#### [Data supplied]
________

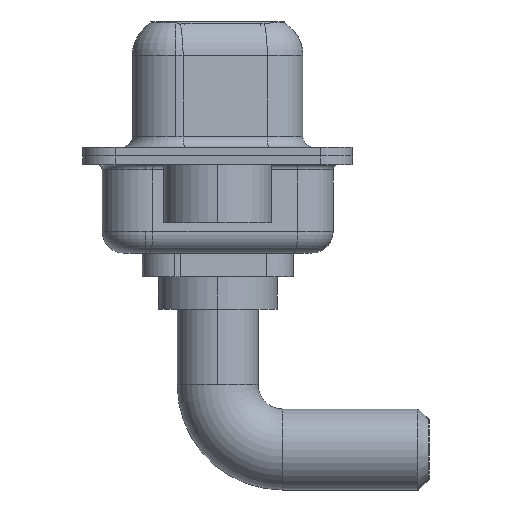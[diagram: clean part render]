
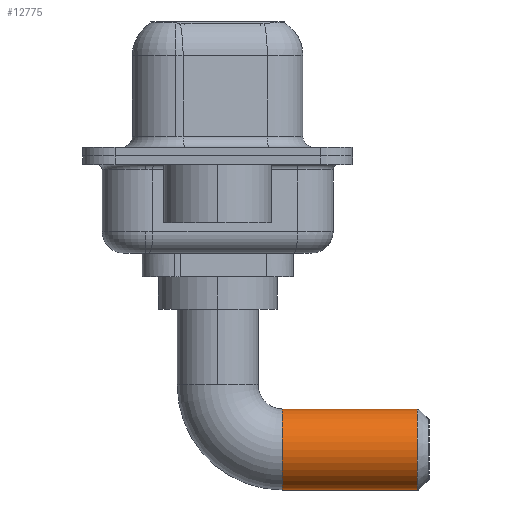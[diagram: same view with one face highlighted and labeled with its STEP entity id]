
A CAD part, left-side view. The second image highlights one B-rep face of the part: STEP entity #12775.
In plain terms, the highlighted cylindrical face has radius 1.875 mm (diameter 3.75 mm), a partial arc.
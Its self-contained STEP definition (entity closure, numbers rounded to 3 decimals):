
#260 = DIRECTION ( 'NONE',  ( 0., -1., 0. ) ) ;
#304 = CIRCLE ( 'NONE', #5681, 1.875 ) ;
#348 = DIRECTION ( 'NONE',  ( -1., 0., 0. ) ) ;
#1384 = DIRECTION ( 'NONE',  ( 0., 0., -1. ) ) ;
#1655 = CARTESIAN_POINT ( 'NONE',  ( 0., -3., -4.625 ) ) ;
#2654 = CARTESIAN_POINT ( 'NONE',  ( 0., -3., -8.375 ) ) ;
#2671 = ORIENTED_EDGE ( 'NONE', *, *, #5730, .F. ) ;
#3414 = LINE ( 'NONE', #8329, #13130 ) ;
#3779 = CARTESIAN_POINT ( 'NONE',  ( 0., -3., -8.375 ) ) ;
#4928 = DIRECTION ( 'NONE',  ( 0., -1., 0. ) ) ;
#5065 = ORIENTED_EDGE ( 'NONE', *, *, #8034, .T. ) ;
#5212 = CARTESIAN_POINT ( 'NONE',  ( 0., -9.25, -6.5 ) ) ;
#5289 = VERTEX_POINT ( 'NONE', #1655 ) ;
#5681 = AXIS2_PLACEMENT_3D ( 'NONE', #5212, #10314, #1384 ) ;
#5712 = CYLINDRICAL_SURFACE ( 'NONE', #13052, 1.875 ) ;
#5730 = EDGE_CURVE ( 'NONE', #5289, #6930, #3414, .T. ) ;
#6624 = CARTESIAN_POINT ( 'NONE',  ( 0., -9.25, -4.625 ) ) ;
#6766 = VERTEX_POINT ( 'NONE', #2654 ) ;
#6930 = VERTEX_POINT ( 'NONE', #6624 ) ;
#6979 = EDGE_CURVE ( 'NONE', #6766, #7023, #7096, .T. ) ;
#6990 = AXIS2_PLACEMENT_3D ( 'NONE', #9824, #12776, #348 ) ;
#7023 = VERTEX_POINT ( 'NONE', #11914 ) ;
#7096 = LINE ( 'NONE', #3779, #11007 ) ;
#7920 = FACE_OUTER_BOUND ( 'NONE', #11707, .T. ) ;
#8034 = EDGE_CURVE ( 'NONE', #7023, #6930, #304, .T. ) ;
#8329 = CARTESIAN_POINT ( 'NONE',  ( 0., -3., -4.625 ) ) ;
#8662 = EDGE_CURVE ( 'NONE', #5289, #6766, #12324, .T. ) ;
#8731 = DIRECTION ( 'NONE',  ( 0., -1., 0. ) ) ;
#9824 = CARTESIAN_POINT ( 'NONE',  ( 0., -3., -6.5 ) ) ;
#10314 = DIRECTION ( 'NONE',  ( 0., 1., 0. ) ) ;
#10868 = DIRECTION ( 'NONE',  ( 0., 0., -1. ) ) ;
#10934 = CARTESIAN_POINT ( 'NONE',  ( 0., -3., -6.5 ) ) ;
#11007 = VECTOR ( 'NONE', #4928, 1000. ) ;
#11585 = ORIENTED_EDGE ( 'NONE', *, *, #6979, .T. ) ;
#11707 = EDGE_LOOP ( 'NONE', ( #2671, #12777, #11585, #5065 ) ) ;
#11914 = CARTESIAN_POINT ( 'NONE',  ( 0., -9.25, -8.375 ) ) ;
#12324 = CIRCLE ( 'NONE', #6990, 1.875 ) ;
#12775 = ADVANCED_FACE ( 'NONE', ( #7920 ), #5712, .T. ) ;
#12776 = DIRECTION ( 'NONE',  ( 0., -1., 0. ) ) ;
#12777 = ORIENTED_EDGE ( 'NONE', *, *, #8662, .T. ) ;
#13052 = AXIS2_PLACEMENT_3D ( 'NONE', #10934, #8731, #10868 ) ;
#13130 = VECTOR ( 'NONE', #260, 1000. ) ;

________

#### [What the task asks]
Pictures are to be left out; the listing above is otherwise to be copied exactly.

#### [Written answer]
[diagram: clean part render]
[diagram: same view with one face highlighted and labeled with its STEP entity id]
A CAD part, left-side view. The second image highlights one B-rep face of the part: STEP entity #12775.
In plain terms, the highlighted cylindrical face has radius 1.875 mm (diameter 3.75 mm), a partial arc.
Its self-contained STEP definition (entity closure, numbers rounded to 3 decimals):
#260 = DIRECTION ( 'NONE',  ( 0., -1., 0. ) ) ;
#304 = CIRCLE ( 'NONE', #5681, 1.875 ) ;
#348 = DIRECTION ( 'NONE',  ( -1., 0., 0. ) ) ;
#1384 = DIRECTION ( 'NONE',  ( 0., 0., -1. ) ) ;
#1655 = CARTESIAN_POINT ( 'NONE',  ( 0., -3., -4.625 ) ) ;
#2654 = CARTESIAN_POINT ( 'NONE',  ( 0., -3., -8.375 ) ) ;
#2671 = ORIENTED_EDGE ( 'NONE', *, *, #5730, .F. ) ;
#3414 = LINE ( 'NONE', #8329, #13130 ) ;
#3779 = CARTESIAN_POINT ( 'NONE',  ( 0., -3., -8.375 ) ) ;
#4928 = DIRECTION ( 'NONE',  ( 0., -1., 0. ) ) ;
#5065 = ORIENTED_EDGE ( 'NONE', *, *, #8034, .T. ) ;
#5212 = CARTESIAN_POINT ( 'NONE',  ( 0., -9.25, -6.5 ) ) ;
#5289 = VERTEX_POINT ( 'NONE', #1655 ) ;
#5681 = AXIS2_PLACEMENT_3D ( 'NONE', #5212, #10314, #1384 ) ;
#5712 = CYLINDRICAL_SURFACE ( 'NONE', #13052, 1.875 ) ;
#5730 = EDGE_CURVE ( 'NONE', #5289, #6930, #3414, .T. ) ;
#6624 = CARTESIAN_POINT ( 'NONE',  ( 0., -9.25, -4.625 ) ) ;
#6766 = VERTEX_POINT ( 'NONE', #2654 ) ;
#6930 = VERTEX_POINT ( 'NONE', #6624 ) ;
#6979 = EDGE_CURVE ( 'NONE', #6766, #7023, #7096, .T. ) ;
#6990 = AXIS2_PLACEMENT_3D ( 'NONE', #9824, #12776, #348 ) ;
#7023 = VERTEX_POINT ( 'NONE', #11914 ) ;
#7096 = LINE ( 'NONE', #3779, #11007 ) ;
#7920 = FACE_OUTER_BOUND ( 'NONE', #11707, .T. ) ;
#8034 = EDGE_CURVE ( 'NONE', #7023, #6930, #304, .T. ) ;
#8329 = CARTESIAN_POINT ( 'NONE',  ( 0., -3., -4.625 ) ) ;
#8662 = EDGE_CURVE ( 'NONE', #5289, #6766, #12324, .T. ) ;
#8731 = DIRECTION ( 'NONE',  ( 0., -1., 0. ) ) ;
#9824 = CARTESIAN_POINT ( 'NONE',  ( 0., -3., -6.5 ) ) ;
#10314 = DIRECTION ( 'NONE',  ( 0., 1., 0. ) ) ;
#10868 = DIRECTION ( 'NONE',  ( 0., 0., -1. ) ) ;
#10934 = CARTESIAN_POINT ( 'NONE',  ( 0., -3., -6.5 ) ) ;
#11007 = VECTOR ( 'NONE', #4928, 1000. ) ;
#11585 = ORIENTED_EDGE ( 'NONE', *, *, #6979, .T. ) ;
#11707 = EDGE_LOOP ( 'NONE', ( #2671, #12777, #11585, #5065 ) ) ;
#11914 = CARTESIAN_POINT ( 'NONE',  ( 0., -9.25, -8.375 ) ) ;
#12324 = CIRCLE ( 'NONE', #6990, 1.875 ) ;
#12775 = ADVANCED_FACE ( 'NONE', ( #7920 ), #5712, .T. ) ;
#12776 = DIRECTION ( 'NONE',  ( 0., -1., 0. ) ) ;
#12777 = ORIENTED_EDGE ( 'NONE', *, *, #8662, .T. ) ;
#13052 = AXIS2_PLACEMENT_3D ( 'NONE', #10934, #8731, #10868 ) ;
#13130 = VECTOR ( 'NONE', #260, 1000. ) ;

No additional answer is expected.